Bonnie Parker and Clyde Barrow were an interesting pair. The two were wanted for murder, kidnapping and robbery. They had been the subjects of a nation wide manhunt by the Bureau of Investigation, today called the FBI, since May of 1933.

Bonnie Parker and Clyde Barrow

Bonnie Parker, born on October 1, 1910 in Rowena Texas,  stood 4’11″, weighed 90 pounds, had strawberry-blond hair, was freckle-faced and, according to those who knew her, was very pretty. She was a good student in school, excelled in creative writing, and interested in the arts. She loved hats of all kinds, and her favorite color was red; a color that dominated her wardrobe. Her father died young and her mother moved the family to Cement City, Texas. At age 16 she married an immature, uneducated man who went to jail a year later, tried and convicted of murder. In order to survive she became a waitress. Bored and poor, she felt life had something more to offer.

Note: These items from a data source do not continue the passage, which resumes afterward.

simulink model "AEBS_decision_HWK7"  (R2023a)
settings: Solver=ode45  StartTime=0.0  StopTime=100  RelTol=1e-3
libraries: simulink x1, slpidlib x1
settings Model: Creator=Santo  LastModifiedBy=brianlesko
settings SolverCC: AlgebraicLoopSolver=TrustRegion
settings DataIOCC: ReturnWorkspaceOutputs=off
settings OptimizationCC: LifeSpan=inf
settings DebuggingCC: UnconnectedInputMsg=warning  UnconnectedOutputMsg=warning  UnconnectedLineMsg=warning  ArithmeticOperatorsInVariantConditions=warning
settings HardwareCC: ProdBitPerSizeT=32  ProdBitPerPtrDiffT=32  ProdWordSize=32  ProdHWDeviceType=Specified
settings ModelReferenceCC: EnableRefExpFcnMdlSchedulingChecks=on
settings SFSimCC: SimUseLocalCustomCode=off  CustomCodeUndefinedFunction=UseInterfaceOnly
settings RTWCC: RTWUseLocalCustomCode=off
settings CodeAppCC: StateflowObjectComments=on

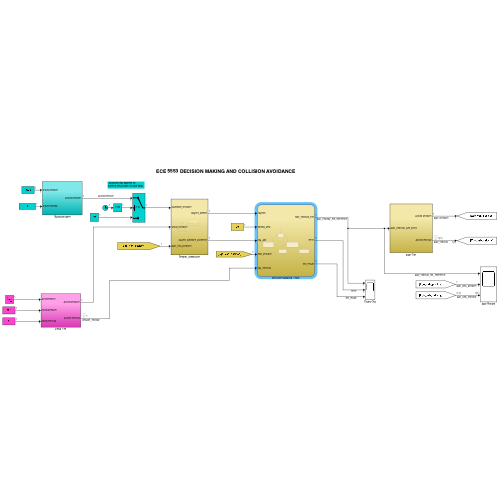
[thumbnail: Simulink's stored preview of the top-level diagram]
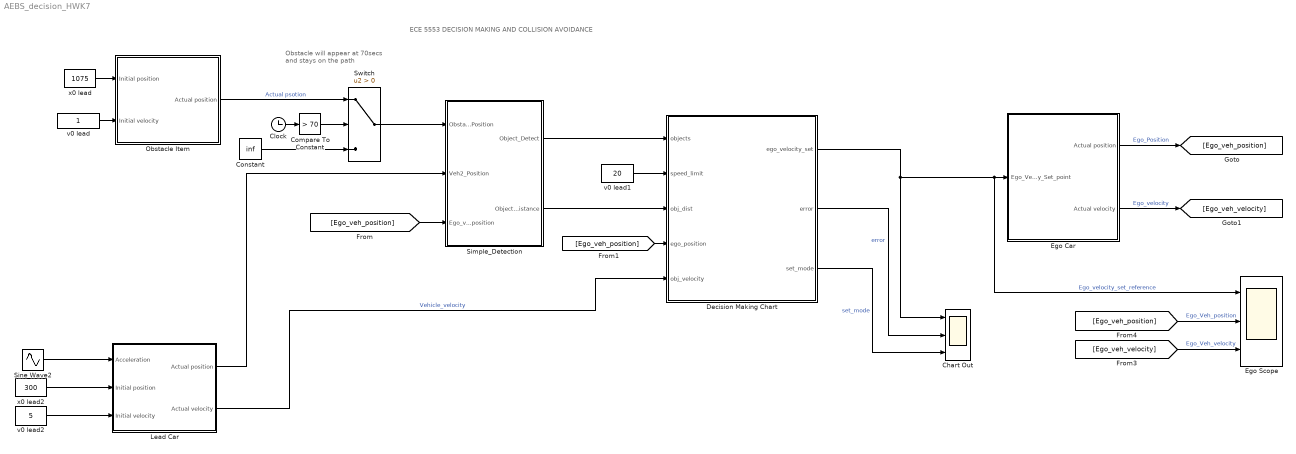
== system AEBS_decision_HWK7 ==
  note: ECE 5553 DECISION MAKING AND COLLISION AVOIDANCE
  note: Obstacle will appear at 70secs and stays on the path
  Chart Out : Scope  NumInputPorts=3
  Clock : Clock
  Compare To Constant : simulink/Logic and Bit Operations/Compare To Constant  relop=>  const=70  OutDataTypeStr=boolean
  Constant : Constant  Value=inf
  Decision Making Chart : Stateflow chart  TreatAsAtomicUnit=on
  Ego Car : Subsystem
  Ego Scope : Scope  NumInputPorts=3
  Lead Car : Subsystem
  Obstacle Item : Subsystem
  Simple_Detection : Subsystem
  Sine Wave2 : Sin  Amplitude=5  Frequency=0.5  SampleTime=0
  Switch : Switch  Criteria=u2 > Threshold  SaturateOnIntegerOverflow=off  InputSameDT=off
  v0 lead : Constant  SampleTime=0
  v0 lead1 : Constant  Value=20  SampleTime=0
  v0 lead2 : Constant  Value=5  SampleTime=0
  x0 lead : Constant  Value=1075  SampleTime=0
  x0 lead2 : Constant  Value=300  SampleTime=0
  wires:
  x0 lead/1 -> Obstacle Item/1(Initial position)
  v0 lead/1 -> Obstacle Item/2(Initial velocity)
  Lead Car/1(Actual position) -> Simple_Detection/2(Veh2_Position)
  x0 lead2/1 -> Lead Car/2(Initial position)
  v0 lead2/1 -> Lead Car/3(Initial velocity)
  Sine Wave2/1 -> Lead Car/1(Acceleration)
  Simple_Detection/1(Object_Detect) -> Decision Making Chart/1(objects)
  v0 lead1/1 -> Decision Making Chart/2(speed_limit)
  Decision Making Chart/1(ego_velocity_set) -> Chart Out/1, Ego Scope/1, Ego Car/1(Ego_Velocity_Set_point)  "Ego_velocity_set_reference"
  Ego Car/1(Actual position) -> [Ego_veh_position]  "Ego_Position"
  Ego Car/2(Actual velocity) -> [Ego_veh_velocity]  "Ego_velocity"
  Simple_Detection/2(Object_Relative_Distance) -> Decision Making Chart/3(obj_dist)
  Decision Making Chart/2(error) -> Chart Out/2  "error"
  [Ego_veh_position] -> Simple_Detection/3(Ego_veh_position)
  [Ego_veh_position] -> Decision Making Chart/4(ego_position)
  [Ego_veh_velocity] -> Ego Scope/3  "Ego_Veh_velocity"
  [Ego_veh_position] -> Ego Scope/2  "Ego_Veh_position"
  Decision Making Chart/3(set_mode) -> Chart Out/3  "set_mode"
  Lead Car/2(Actual velocity) -> Decision Making Chart/5(obj_velocity)  "Vehicle_velocity"
  Compare To Constant/1 -> Switch/2
  Switch/1 -> Simple_Detection/1(Obstacle_Position)
  Obstacle Item/1(Actual position) -> Switch/1  "Actual psotion"
  Constant/1 -> Switch/3
  Clock/1 -> Compare To Constant/1

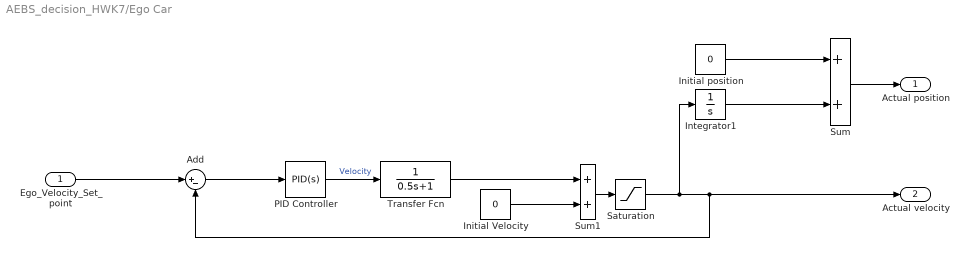
== system AEBS_decision_HWK7/Ego Car ==
  Ego_Velocity_Set_point : Inport
  Add : Sum  Inputs=|+-
  Initial Velocity : Constant  Value=0
  Initial position : Constant  Value=0
  Integrator1 : Integrator
  PID Controller : slpidlib/PID Controller  Controller=PID  Form=Parallel  TimeDomain=Continuous-time  UseExternalTs=off  SampleTime=-1  IntegratorMethod=Forward Euler  FilterMethod=Forward Euler  ControllerParametersSource=internal  P=0.543871188851985  I=1.5579001255467  UseKiTs=off  D=0  N=100  UseFilter=on  TunerSelectOption=Transfer Function Based (PID Tuner App)  InitialConditionSource=internal  InitialConditionForIntegrator=0  InitialConditionForFilter=0  DifferentiatorICPrevScaledInput=0  ExternalReset=none  TrackingMode=off  Kt=1  LimitOutput=off  SatLimitsSource=internal  UpperSaturationLimit=inf  LowerSaturationLimit=-inf  LinearizeAsGain=on  AntiWindupMode=none  Kb=1  LimitIntegrator=off  UpperIntegratorSaturationLimit=inf  LowerIntegratorSaturationLimit=-inf  POutMin=[]  POutMax=[]  IOutMin=[]  IOutMax=[]  DOutMin=[]  DOutMax=[]  NOutMin=[]  NOutMax=[]  SumOutMin=[]  SumOutMax=[]  SaturationOutMin=[]  SaturationOutMax=[]  PParamMin=[]  PParamMax=[]  IParamMin=[]  IParamMax=[]  DParamMin=[]  DParamMax=[]  NParamMin=[]  NParamMax=[]  KbParamMin=[]  KbParamMax=[]  KtParamMin=[]  KtParamMax=[]  KbOutMin=[]  KbOutMax=[]  KtOutMin=[]  KtOutMax=[]  IntegratorOutMin=[]  IntegratorOutMax=[]  FilterOutMin=[]  FilterOutMax=[]  SumI1OutMin=[]  SumI1OutMax=[]  SumI2OutMin=[]  SumI2OutMax=[]  SumI3OutMin=[]  SumI3OutMax=[]  SumI4OutMin=[]  SumI4OutMax=[]  SumDOutMin=[]  SumDOutMax=[]  DifferentiatorOutMin=[]  DifferentiatorOutMax=[]  FilterDiffOutCoefMin=[]  FilterDiffOutCoefMax=[]  ReciprocalOutMin=[]  ReciprocalOutMax=[]  SumDenOutMin=[]  SumDenOutMax=[]  SumNumOutMin=[]  SumNumOutMax=[]  DivideOutMin=[]  DivideOutMax=[]  UdiffTsProdOutMin=[]  UdiffTsProdOutMax=[]  NTsProdOutMin=[]  NTsProdOutMax=[]  UintegralTsProdOutMin=[]  UintegralTsProdOutMax=[]  UngainTsProdOutMin=[]  UngainTsProdOutMax=[]  ClampingZeroOutDataTypeStr=Inherit: Inherit via back propagation  ClampingZeroOutMin=[]  ClampingZeroOutMax=[]  FilterDenConstantOutDataTypeStr=Inherit: Inherit via back propagation  FilterDenConstantOutMin=[]  FilterDenConstantOutMax=[]  PCopyOutDataTypeStr=Inherit: Inherit via back propagation  PCopyOutMin=[]  PCopyOutMax=[]  NCopyOutDataTypeStr=Inherit: Inherit via back propagation  NCopyOutMin=[]  NCopyOutMax=[]  IntegratorContinuousStateAttributes=''  IntegratorStateMustResolveToSignalObject=off  IntegratorRTWStateStorageClass=Auto  FilterContinuousStateAttributes=''  FilterStateMustResolveToSignalObject=off  FilterRTWStateStorageClass=Auto  ParallelPVariant=InternalParameters  IdealPVariant=Disabled  IVariant=InternalParameters  DVariant=InternalParameters  IntegratorVariant=Continuous  SatVariant=Disabled  AWVariant=Passthrough  PCopyVariant=Disabled  TRVariant=Disabled  FdbkBlocksVariant=Forward  IdealPFdbkVariant=Disabled  SatFdbkVariant=Disabled  DerivativeFilterVariant=ContFilter  NVariant=InternalParameters  NCopyVariant=Disabled  FilterICVariant=InternalICsFilter  IntegratorICVariant=InternalICs  ExternalResetVariant=Disabled  TRSumVariant=Passthrough  SumFdbkVariant=Disabled  SumVariant=Sum_PID  TsampFilterVariant=InternalTs  TsampNgainVariant=Passthrough  TsampIntegralVariant=Disabled_SignalSpec  ExternalSaturationOutDataTypeStr=Inherit: Same as second input
  Saturation : Saturate  UpperLimit=inf  LowerLimit=0
  Sum : Sum
  Sum1 : Sum
  Transfer Fcn : TransferFcn  Denominator=[0.5 1]
  Actual position : Outport
  Actual velocity : Outport  Port=2
  wires:
  Transfer Fcn/1 -> Sum1/1
  Initial Velocity/1 -> Sum1/2
  Sum/1 -> Actual position/1
  Sum1/1 -> Saturation/1
  PID Controller/1 -> Transfer Fcn/1  "Velocity"
  Initial position/1 -> Sum/1
  Integrator1/1 -> Sum/2
  Add/1 -> PID Controller/1
  Ego_Velocity_Set_point/1 -> Add/1
  Saturation/1 -> Integrator1/1, Add/2, Actual velocity/1

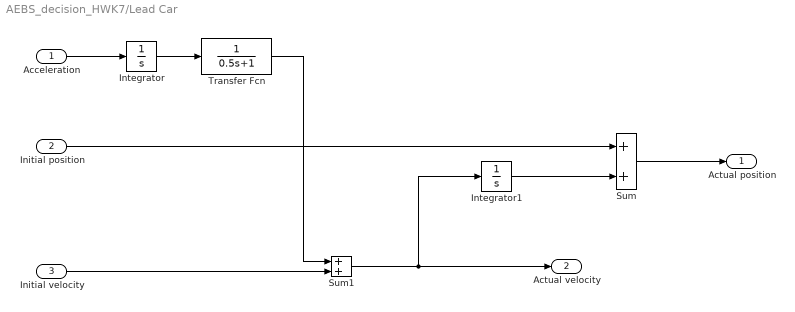
== system AEBS_decision_HWK7/Lead Car ==
  Acceleration : Inport
  Initial position : Inport  Port=2
  Initial velocity : Inport  Port=3
  Integrator : Integrator
  Integrator1 : Integrator
  Sum : Sum
  Sum1 : Sum
  Transfer Fcn : TransferFcn  Denominator=[0.5 1]
  Actual position : Outport
  Actual velocity : Outport  Port=2
  wires:
  Integrator1/1 -> Sum/2
  Initial position/1 -> Sum/1
  Acceleration/1 -> Integrator/1
  Sum1/1 -> Actual velocity/1, Integrator1/1
  Integrator/1 -> Transfer Fcn/1
  Sum/1 -> Actual position/1
  Initial velocity/1 -> Sum1/2
  Transfer Fcn/1 -> Sum1/1

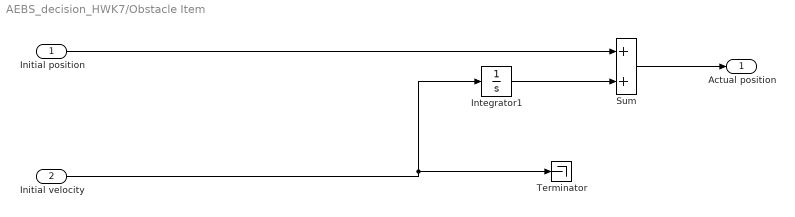
== system AEBS_decision_HWK7/Obstacle Item ==
  Initial position : Inport
  Initial velocity : Inport  Port=2
  Integrator1 : Integrator
  Sum : Sum
  Terminator : Terminator
  Actual position : Outport
  wires:
  Sum/1 -> Actual position/1
  Initial velocity/1 -> Terminator/1, Integrator1/1
  Initial position/1 -> Sum/1
  Integrator1/1 -> Sum/2

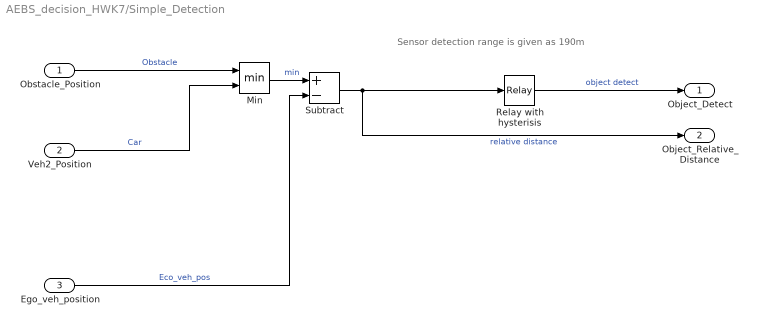
== system AEBS_decision_HWK7/Simple_Detection ==
  note: Sensor detection range is given as 190m
  Obstacle_Position : Inport
  Veh2_Position : Inport  Port=2
  Ego_veh_position : Inport  Port=3
  Min : MinMax  Inputs=2
  Relay with hysterisis : Relay  OnSwitchValue=210  OffSwitchValue=190  OnOutputValue=0  OffOutputValue=1
  Subtract : Sum  Inputs=+-
  Object_Detect : Outport
  Object_Relative_Distance : Outport  Port=2
  wires:
  Obstacle_Position/1 -> Min/1  "Obstacle"
  Veh2_Position/1 -> Min/2  "Car"
  Min/1 -> Subtract/1  "min"
  Ego_veh_position/1 -> Subtract/2  "Eco_veh_pos"
  Subtract/1 -> Relay with hysterisis/1, Object_Relative_Distance/1  "relative distance"
  Relay with hysterisis/1 -> Object_Detect/1  "object detect"

== stateflow chart AEBS_decision_HWK7/Decision Making Chart ==
  state Object_present
  state follow_speed_limit
    Ego_velocity = Speedlimit;
    set_mode = 0;
    error = 0;
  state set_error_to_distance_to_obstacle
    error = obj_dist;
    Ego_velocity = Speedlimit;
  state emergency_stop
    Ego_velocity = 0;
    set_mode = 2;
  state set_to_lead_car_vel
    Ego_velocity = obj_velocity;
    set_mode = 1;
  (default) -> Object_present
  Object_present -> follow_speed_limit [order 1] : [Object_Detect <1]
  Object_present -> set_error_to_distance_to_obstacle [order 2] : [Object_Detect == 1]
  set_error_to_distance_to_obstacle -> emergency_stop [order 1] : [error < 50]
  set_error_to_distance_to_obstacle -> set_to_lead_car_vel [order 2] : [error > 50]
  data: objects input; speed_limit input; ego_velocity_set output; obj_dist input; ego_position input; error output; set_mode output; obj_velocity input

Clyde C. Barrow stood 5’7,” weighed 130 pounds, had slicked back brown hair, which he parted on the left. His eye color matched his hair. He was one of many children born to dirt-poor parents barely making a living on the cotton fields of Teleco, Texas.  His family eventually moved to the Dallas area, where his father ran a gas station, He and his large family all lived in a crowded tiny back room of that station. Clyde quickly learned to hate poverty. Bored and poor, he too knew life had more to offer.

It seems Bonnie and Clyde were meant for each other. The pair met in Texas in January 1930. Bonnie was 19 and married, but her husband was in prison. Clyde was 21 and unmarried. Soon after they met, Clyde was arrested for burglary and sent to jail.  He escaped, using a gun Bonnie smuggled to him.  He was recaptured, and sent back to prison.  When he was paroled in February 1932, he rejoined Bonnie and resumed a life of crime. Their crime spree took them to several states.  By 1934, Bonnie and Clyde were believed to have committed 13 murders and several robberies.

On April 13, 1934, a federal agent obtained information that the pair was in a remote area in North Louisiana. Federal agents along with state and local law enforcement authorities worked together to apprehend the couple spotted at different places around the state during April and May.  According to the story, it was during this time that they ventured to the Opelousas area, ending up at Otis Welch’s barbershop, where Clyde received what was probably his last shave.

Soon after, on May 21, 1934, Bonnie, Clyde and some friends had a party at Black Lake, Louisiana.  Two days later as the couple were returning to their hide out, federal agents ambushed them.  Before dawn on Wednesday, May 23, 1934 the pair was killed in a shoot out on a dusty road near Arcadia, Louisiana.

News of the death of Bonnie and Clyde soon reached Opelousas, and stories of the pair dominated the conversation at the Star Barber Shop during the weeks that followed.

Otis Welch often recalled his encounter with Bonnie and Clyde. The Star Barber Shop, which he opened soon after he came to Opelousas in 1926, remained in business for many years following that much talked-about visit. After Welch retired in 1975, the barbershop finally closed in 1989.

And through all those years, over half a century of haircuts and shaves, many a tale was swapped between barber and clients, but none as intriguing as the story of the day Bonnie and Clyde came to Opelousas. It was the talk of the town!

Otis Welch pictured with a client in the Star Barber Shop in Opelousas in 1939. (Photo identified and dated by Mrs, Helen Welch, the wife of Otis Welch.)